Data records:
━━━━━━━━━━━━━━━━
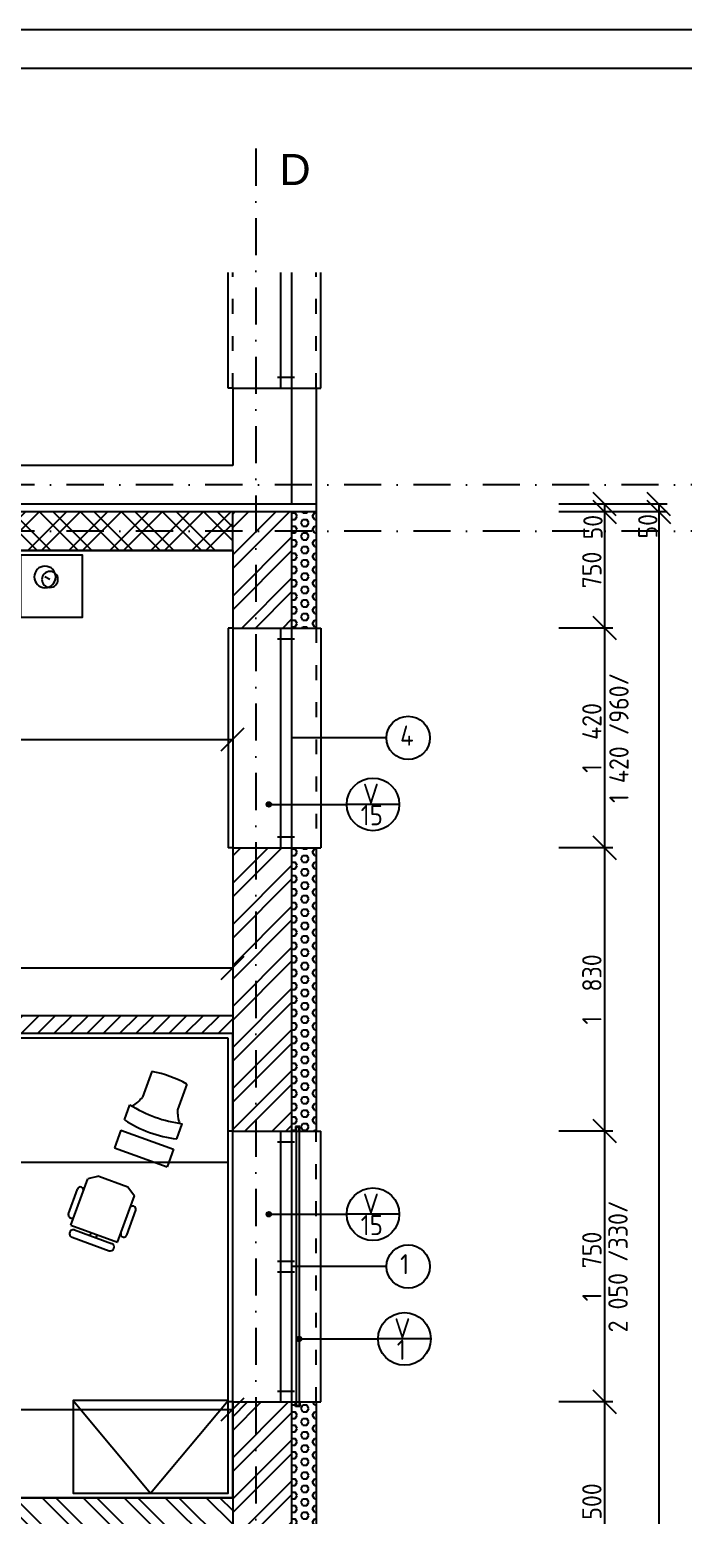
# Model space of a CAD drawing. Extents: x 4511820 to 5180432, y -1526536 to -944957.
# Drawn here: x 4992559 to 4996783, y -1143087 to -1133488 of the extents above; entities that cross this region are included whole.
import ezdxf

# ---------------------------------------------------------------- set-up
doc = ezdxf.new("R2010")
doc.units = 0
doc.header["$MEASUREMENT"] = 0
doc.linetypes.add('ACAD_ISO03W100', pattern=[30, 12, -18])
doc.linetypes.add('BODKOCIARKOVANA_3', pattern=[5.6, 3, -1.3, 0, -1.3])
doc.layers.get('0').update_dxf_attribs({"linetype": 'CONTINUOUS'})
doc.layers.get('Defpoints').update_dxf_attribs({"color": 61, "linetype": 'CONTINUOUS'})
for name, color, linetype in [('KÓTY', 4, 'CONTINUOUS'), ('MÚRY', 1, 'CONTINUOUS'), ('OKNÁ', 143, 'CONTINUOUS'), ('osi', 253, 'CONTINUOUS'), ('Plochy', 41, 'CONTINUOUS'), ('TENKÁ', 7, 'CONTINUOUS'), ('ZARIADENIE', 47, 'CONTINUOUS'), ('ŠRAFY', 82, 'CONTINUOUS')]:
    doc.layers.add(name, color=color, linetype=linetype)
doc.styles.add('styl1', font='arial.ttf')
doc.styles.add('STYLE1', font='isocp.shx')
doc.dimstyles.new('STANDARD-50', dxfattribs={"dimtxt": 125, "dimasz": 150, "dimexe": 10, "dimexo": 200, "dimgap": 20, "dimtad": 1, "dimdsep": 46, "dimlunit": 6, "dimtxsty": 'STYLE1', "dimblk1": 'OBLIQUE', "dimblk2": 'OBLIQUE', "dimsah": 1, "dimcen": 2.5, "dimse1": 1, "dimse2": 1, "dimadec": 0, "dimazin": 0, "dimtfac": 1, "dimtmove": 1, "dimatfit": 3, "dimldrblk": 'OBLIQUE', "dimfxl": 1, "dimtolj": 1, "dimtzin": 0, "dimarcsym": 0})
pattern_1 = [(45, (584112, 91563.12), (-132.5825215, 132.5825215), []), (45, (584200.39, 91563.12), (-132.5825215, 132.5825215), [])]

# ---------------------------------------------------------------- blocks, each defined once
blk = doc.blocks.new('_OBLIQUE')
at = {"color": 0, "linetype": 'ByBlock'}
blk.add_line((-0.5, -0.5), (0.5, 0.5), dxfattribs=at)
blk = doc.blocks.new('*D13016')
at = {"layer": 'Defpoints', "color": 0}
for p in [(4993901, -1136554.2), (4993901, -1136604.2), (4996624.5, -1136604.2)]:
    blk.add_point(p, dxfattribs=at)
at = {"layer": 'KÓTY', "color": 0, "lineweight": -2}
blk.add_line((4996624.5, -1136554.2), (4996624.5, -1136604.2), dxfattribs=at)
at = {"layer": 'KÓTY', "color": 0, "linetype": 'ByBlock', "lineweight": -2, "xscale": 150, "yscale": 150, "zscale": 150}
for p, rotation in [((4996624.5, -1136554.2), 90), ((4996624.5, -1136604.2), 270)]:
    blk.add_blockref('_OBLIQUE', p, dxfattribs=dict(at, rotation=rotation))
at = {"layer": 'KÓTY', "color": 0, "insert": (4996553.5, -1136696.5), "char_height": 125, "attachment_point": 5, "rotation": 90, "style": 'STYLE1'}
blk.add_mtext('\\A1;50', dxfattribs=at)
blk = doc.blocks.new('*D13017')
at = {"layer": 'Defpoints', "color": 0}
for p in [(4994251, -1136554.2), (4994251, -1136604.2), (4996274.5, -1136604.2)]:
    blk.add_point(p, dxfattribs=at)
at = {"layer": 'KÓTY', "color": 0, "lineweight": -2}
blk.add_line((4996274.5, -1136554.2), (4996274.5, -1136604.2), dxfattribs=at)
at = {"layer": 'KÓTY', "color": 0, "linetype": 'ByBlock', "lineweight": -2, "xscale": 150, "yscale": 150, "zscale": 150}
for p, rotation in [((4996274.5, -1136554.2), 90), ((4996274.5, -1136604.2), 270)]:
    blk.add_blockref('_OBLIQUE', p, dxfattribs=dict(at, rotation=rotation))
at = {"layer": 'KÓTY', "color": 0, "insert": (4996199, -1136702.5), "char_height": 125, "attachment_point": 5, "rotation": 90, "style": 'STYLE1'}
blk.add_mtext('\\A1;50', dxfattribs=at)
blk = doc.blocks.new('*D13018')
at = {"layer": 'Defpoints', "color": 0}
for p in [(4994411, -1136604.2), (4994251, -1155734.2), (4996624.5, -1155734.2)]:
    blk.add_point(p, dxfattribs=at)
at = {"layer": 'KÓTY', "color": 0, "lineweight": -2}
blk.add_line((4996624.5, -1136604.2), (4996624.5, -1155734.2), dxfattribs=at)
at = {"layer": 'KÓTY', "color": 0, "linetype": 'ByBlock', "lineweight": -2, "xscale": 150, "yscale": 150, "zscale": 150}
for p, rotation in [((4996624.5, -1136604.2), 90), ((4996624.5, -1155734.2), 270)]:
    blk.add_blockref('_OBLIQUE', p, dxfattribs=dict(at, rotation=rotation))
at = {"layer": 'KÓTY', "color": 0, "insert": (4996542, -1146169.2), "char_height": 125, "attachment_point": 5, "rotation": 90, "style": 'STYLE1'}
blk.add_mtext('\\A1;19ﾠ130', dxfattribs=at)
blk = doc.blocks.new('*D13019')
at = {"layer": 'Defpoints', "color": 0}
for p in [(4994251, -1136604.2), (4994251, -1137354.2), (4996274.5, -1137354.2)]:
    blk.add_point(p, dxfattribs=at)
at = {"layer": 'KÓTY', "color": 0, "lineweight": -2}
blk.add_line((4996274.5, -1136604.2), (4996274.5, -1137354.2), dxfattribs=at)
at = {"layer": 'KÓTY', "color": 0, "linetype": 'ByBlock', "lineweight": -2, "xscale": 150, "yscale": 150, "zscale": 150}
for p, rotation in [((4996274.5, -1136604.2), 90), ((4996274.5, -1137354.2), 270)]:
    blk.add_blockref('_OBLIQUE', p, dxfattribs=dict(at, rotation=rotation))
at = {"layer": 'KÓTY', "color": 0, "insert": (4996192, -1136979.2), "char_height": 125, "attachment_point": 5, "rotation": 90, "style": 'STYLE1'}
blk.add_mtext('\\A1;750', dxfattribs=at)
blk = doc.blocks.new('*D13020')
at = {"layer": 'Defpoints', "color": 0}
for p in [(4994251, -1137354.2), (4994251, -1138774.2), (4996274.5, -1138774.2)]:
    blk.add_point(p, dxfattribs=at)
at = {"layer": 'KÓTY', "color": 0, "lineweight": -2}
blk.add_line((4996274.5, -1137354.2), (4996274.5, -1138774.2), dxfattribs=at)
at = {"layer": 'KÓTY', "color": 0, "linetype": 'ByBlock', "lineweight": -2, "xscale": 150, "yscale": 150, "zscale": 150}
for p, rotation in [((4996274.5, -1137354.2), 90), ((4996274.5, -1138774.2), 270)]:
    blk.add_blockref('_OBLIQUE', p, dxfattribs=dict(at, rotation=rotation))
at = {"layer": 'KÓTY', "color": 0, "insert": (4996192, -1138064.2), "char_height": 125, "attachment_point": 5, "rotation": 90, "style": 'STYLE1'}
blk.add_mtext('\\A1;1ﾠ420', dxfattribs=at)
blk = doc.blocks.new('*D13021')
at = {"layer": 'Defpoints', "color": 0}
for p in [(4994251, -1138774.2), (4994251, -1140604.2), (4996274.5, -1140604.2)]:
    blk.add_point(p, dxfattribs=at)
at = {"layer": 'KÓTY', "color": 0, "lineweight": -2}
blk.add_line((4996274.5, -1138774.2), (4996274.5, -1140604.2), dxfattribs=at)
at = {"layer": 'KÓTY', "color": 0, "linetype": 'ByBlock', "lineweight": -2, "xscale": 150, "yscale": 150, "zscale": 150}
for p, rotation in [((4996274.5, -1138774.2), 90), ((4996274.5, -1140604.2), 270)]:
    blk.add_blockref('_OBLIQUE', p, dxfattribs=dict(at, rotation=rotation))
at = {"layer": 'KÓTY', "color": 0, "insert": (4996192, -1139689.2), "char_height": 125, "attachment_point": 5, "rotation": 90, "style": 'STYLE1'}
blk.add_mtext('\\A1;1ﾠ830', dxfattribs=at)
blk = doc.blocks.new('*D13022')
at = {"layer": 'Defpoints', "color": 0}
for p in [(4994251, -1140604.2), (4994251, -1142354.2), (4996274.5, -1142354.2)]:
    blk.add_point(p, dxfattribs=at)
at = {"layer": 'KÓTY', "color": 0, "lineweight": -2}
blk.add_line((4996274.5, -1140604.2), (4996274.5, -1142354.2), dxfattribs=at)
at = {"layer": 'KÓTY', "color": 0, "linetype": 'ByBlock', "lineweight": -2, "xscale": 150, "yscale": 150, "zscale": 150}
for p, rotation in [((4996274.5, -1140604.2), 90), ((4996274.5, -1142354.2), 270)]:
    blk.add_blockref('_OBLIQUE', p, dxfattribs=dict(at, rotation=rotation))
at = {"layer": 'KÓTY', "color": 0, "insert": (4996192, -1141479.2), "char_height": 125, "attachment_point": 5, "rotation": 90, "style": 'STYLE1'}
blk.add_mtext('\\A1;1ﾠ750', dxfattribs=at)
blk = doc.blocks.new('*D13023')
at = {"layer": 'Defpoints', "color": 0}
for p in [(4994251, -1142354.2), (4994251, -1143854.2), (4996274.5, -1143854.2)]:
    blk.add_point(p, dxfattribs=at)
at = {"layer": 'KÓTY', "color": 0, "lineweight": -2}
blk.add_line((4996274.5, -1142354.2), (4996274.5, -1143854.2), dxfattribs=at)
━━━━━━━━━━━━━━━━
### What the task requires
All lines in the entries above that include "layers" should be found and copied.

### Result below
doc.layers.get('0').update_dxf_attribs({"linetype": 'CONTINUOUS'})
doc.layers.get('Defpoints').update_dxf_attribs({"color": 61, "linetype": 'CONTINUOUS'})
    doc.layers.add(name, color=color, linetype=linetype)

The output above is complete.